■ **Available data**

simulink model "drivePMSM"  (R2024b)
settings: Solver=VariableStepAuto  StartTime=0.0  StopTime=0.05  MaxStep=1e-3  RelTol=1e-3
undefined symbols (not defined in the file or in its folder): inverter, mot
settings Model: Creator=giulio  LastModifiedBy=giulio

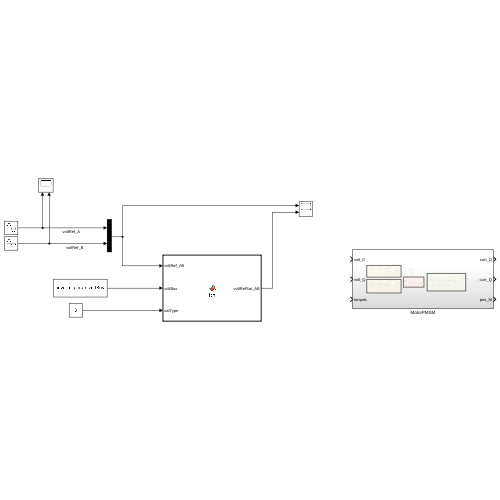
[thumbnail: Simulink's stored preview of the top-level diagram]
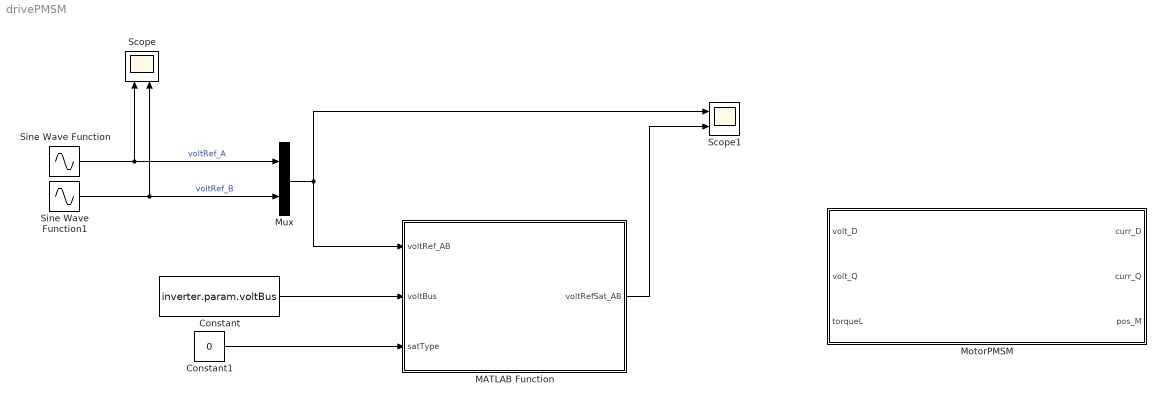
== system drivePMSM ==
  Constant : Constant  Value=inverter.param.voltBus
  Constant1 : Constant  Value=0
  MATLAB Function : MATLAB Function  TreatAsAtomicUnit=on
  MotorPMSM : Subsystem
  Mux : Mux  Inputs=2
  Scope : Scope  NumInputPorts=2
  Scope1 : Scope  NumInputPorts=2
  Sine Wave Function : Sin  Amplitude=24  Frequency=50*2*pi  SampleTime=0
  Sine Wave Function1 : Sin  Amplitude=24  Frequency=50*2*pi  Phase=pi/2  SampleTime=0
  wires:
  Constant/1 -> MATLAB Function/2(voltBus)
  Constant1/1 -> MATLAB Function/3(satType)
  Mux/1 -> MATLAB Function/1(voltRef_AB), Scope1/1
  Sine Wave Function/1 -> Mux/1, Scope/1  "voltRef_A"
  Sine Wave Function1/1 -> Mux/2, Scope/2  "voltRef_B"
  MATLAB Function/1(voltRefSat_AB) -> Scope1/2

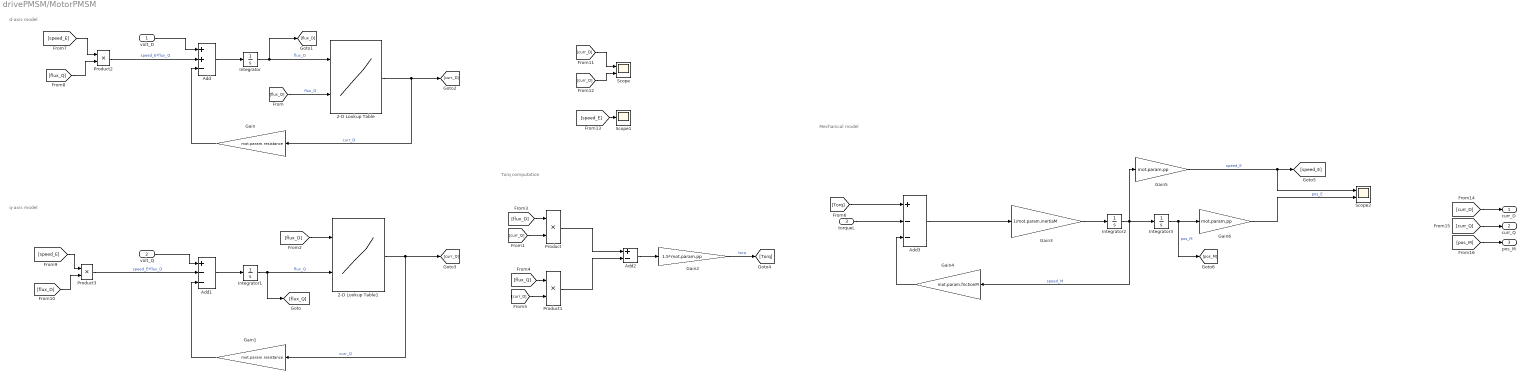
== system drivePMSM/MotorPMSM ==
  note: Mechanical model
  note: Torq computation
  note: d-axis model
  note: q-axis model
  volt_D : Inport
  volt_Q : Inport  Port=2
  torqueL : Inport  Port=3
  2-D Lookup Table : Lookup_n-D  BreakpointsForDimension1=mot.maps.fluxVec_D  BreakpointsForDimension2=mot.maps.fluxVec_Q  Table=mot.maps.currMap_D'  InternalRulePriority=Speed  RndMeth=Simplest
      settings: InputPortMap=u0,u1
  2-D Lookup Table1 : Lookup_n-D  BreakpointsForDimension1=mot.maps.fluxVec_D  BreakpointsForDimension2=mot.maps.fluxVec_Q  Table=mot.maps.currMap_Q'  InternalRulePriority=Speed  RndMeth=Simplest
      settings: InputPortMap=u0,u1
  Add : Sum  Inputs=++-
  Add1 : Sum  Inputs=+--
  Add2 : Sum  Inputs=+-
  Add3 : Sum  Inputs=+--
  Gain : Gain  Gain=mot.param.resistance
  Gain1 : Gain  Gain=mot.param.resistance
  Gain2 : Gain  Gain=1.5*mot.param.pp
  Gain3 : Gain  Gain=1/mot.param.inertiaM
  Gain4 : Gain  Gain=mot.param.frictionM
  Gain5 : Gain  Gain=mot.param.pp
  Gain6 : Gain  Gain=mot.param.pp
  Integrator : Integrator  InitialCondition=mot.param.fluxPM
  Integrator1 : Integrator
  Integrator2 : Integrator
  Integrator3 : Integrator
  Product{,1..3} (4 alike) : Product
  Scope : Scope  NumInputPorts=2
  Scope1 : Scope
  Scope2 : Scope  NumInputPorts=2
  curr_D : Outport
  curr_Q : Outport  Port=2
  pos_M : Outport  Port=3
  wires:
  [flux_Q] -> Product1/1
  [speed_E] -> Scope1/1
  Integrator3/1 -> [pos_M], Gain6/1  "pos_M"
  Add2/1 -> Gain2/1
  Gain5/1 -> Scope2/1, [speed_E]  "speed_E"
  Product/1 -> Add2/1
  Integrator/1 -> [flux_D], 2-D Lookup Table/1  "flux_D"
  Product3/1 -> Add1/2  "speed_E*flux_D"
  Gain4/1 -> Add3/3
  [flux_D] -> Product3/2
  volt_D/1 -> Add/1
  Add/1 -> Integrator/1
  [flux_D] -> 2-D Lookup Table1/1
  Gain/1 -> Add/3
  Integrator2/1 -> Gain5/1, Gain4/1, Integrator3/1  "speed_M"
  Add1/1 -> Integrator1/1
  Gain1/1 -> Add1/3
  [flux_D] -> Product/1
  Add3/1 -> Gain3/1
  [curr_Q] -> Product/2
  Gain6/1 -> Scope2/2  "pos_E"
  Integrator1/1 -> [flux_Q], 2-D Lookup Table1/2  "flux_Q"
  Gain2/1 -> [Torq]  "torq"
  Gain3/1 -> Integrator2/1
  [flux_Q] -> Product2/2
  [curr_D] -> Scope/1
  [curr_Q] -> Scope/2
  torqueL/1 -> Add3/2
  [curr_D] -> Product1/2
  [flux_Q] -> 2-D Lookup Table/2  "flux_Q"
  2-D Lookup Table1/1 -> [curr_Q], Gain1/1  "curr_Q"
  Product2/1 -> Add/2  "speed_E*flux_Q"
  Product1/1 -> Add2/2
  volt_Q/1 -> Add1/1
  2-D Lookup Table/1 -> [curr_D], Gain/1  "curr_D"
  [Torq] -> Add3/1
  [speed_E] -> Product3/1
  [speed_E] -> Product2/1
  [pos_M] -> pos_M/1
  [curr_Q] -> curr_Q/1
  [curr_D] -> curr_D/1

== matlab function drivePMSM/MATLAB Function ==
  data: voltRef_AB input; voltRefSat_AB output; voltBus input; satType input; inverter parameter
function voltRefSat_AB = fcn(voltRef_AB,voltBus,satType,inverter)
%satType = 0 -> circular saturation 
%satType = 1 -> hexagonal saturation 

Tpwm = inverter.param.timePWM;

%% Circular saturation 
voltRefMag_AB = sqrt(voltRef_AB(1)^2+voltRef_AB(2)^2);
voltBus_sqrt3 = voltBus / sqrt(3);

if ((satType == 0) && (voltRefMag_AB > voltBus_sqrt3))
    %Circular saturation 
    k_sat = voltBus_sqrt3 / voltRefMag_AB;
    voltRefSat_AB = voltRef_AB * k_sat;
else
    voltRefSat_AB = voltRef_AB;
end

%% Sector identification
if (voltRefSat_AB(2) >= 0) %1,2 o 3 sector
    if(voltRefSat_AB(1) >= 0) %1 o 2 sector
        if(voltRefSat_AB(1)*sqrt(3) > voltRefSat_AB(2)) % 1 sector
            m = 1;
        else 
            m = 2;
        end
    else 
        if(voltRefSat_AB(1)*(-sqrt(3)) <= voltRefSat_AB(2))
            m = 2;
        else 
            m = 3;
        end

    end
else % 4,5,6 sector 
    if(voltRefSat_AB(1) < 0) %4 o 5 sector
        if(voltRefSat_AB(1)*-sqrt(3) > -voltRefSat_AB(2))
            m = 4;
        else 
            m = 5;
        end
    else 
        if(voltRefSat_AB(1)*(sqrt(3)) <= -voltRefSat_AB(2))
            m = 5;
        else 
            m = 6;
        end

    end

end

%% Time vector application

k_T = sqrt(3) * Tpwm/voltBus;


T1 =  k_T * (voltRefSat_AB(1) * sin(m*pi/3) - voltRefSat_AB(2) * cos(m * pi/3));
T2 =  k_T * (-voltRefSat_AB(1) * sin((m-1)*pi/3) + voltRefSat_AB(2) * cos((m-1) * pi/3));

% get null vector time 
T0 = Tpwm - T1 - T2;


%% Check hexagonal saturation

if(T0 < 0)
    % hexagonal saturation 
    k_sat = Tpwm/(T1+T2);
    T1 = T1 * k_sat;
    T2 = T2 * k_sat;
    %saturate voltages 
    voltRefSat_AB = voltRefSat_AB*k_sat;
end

■ **Your instructions**
Retype exactly the span of lines from the one with "Gain/1 -> Add/3" through the one with "Gain2/1 -> [Torq]"; include both ends and omit the rest of the material.

■ **Result of the exercise**
  Gain/1 -> Add/3
  Integrator2/1 -> Gain5/1, Gain4/1, Integrator3/1  "speed_M"
  Add1/1 -> Integrator1/1
  Gain1/1 -> Add1/3
  [flux_D] -> Product/1
  Add3/1 -> Gain3/1
  [curr_Q] -> Product/2
  Gain6/1 -> Scope2/2  "pos_E"
  Integrator1/1 -> [flux_Q], 2-D Lookup Table1/2  "flux_Q"
  Gain2/1 -> [Torq]  "torq"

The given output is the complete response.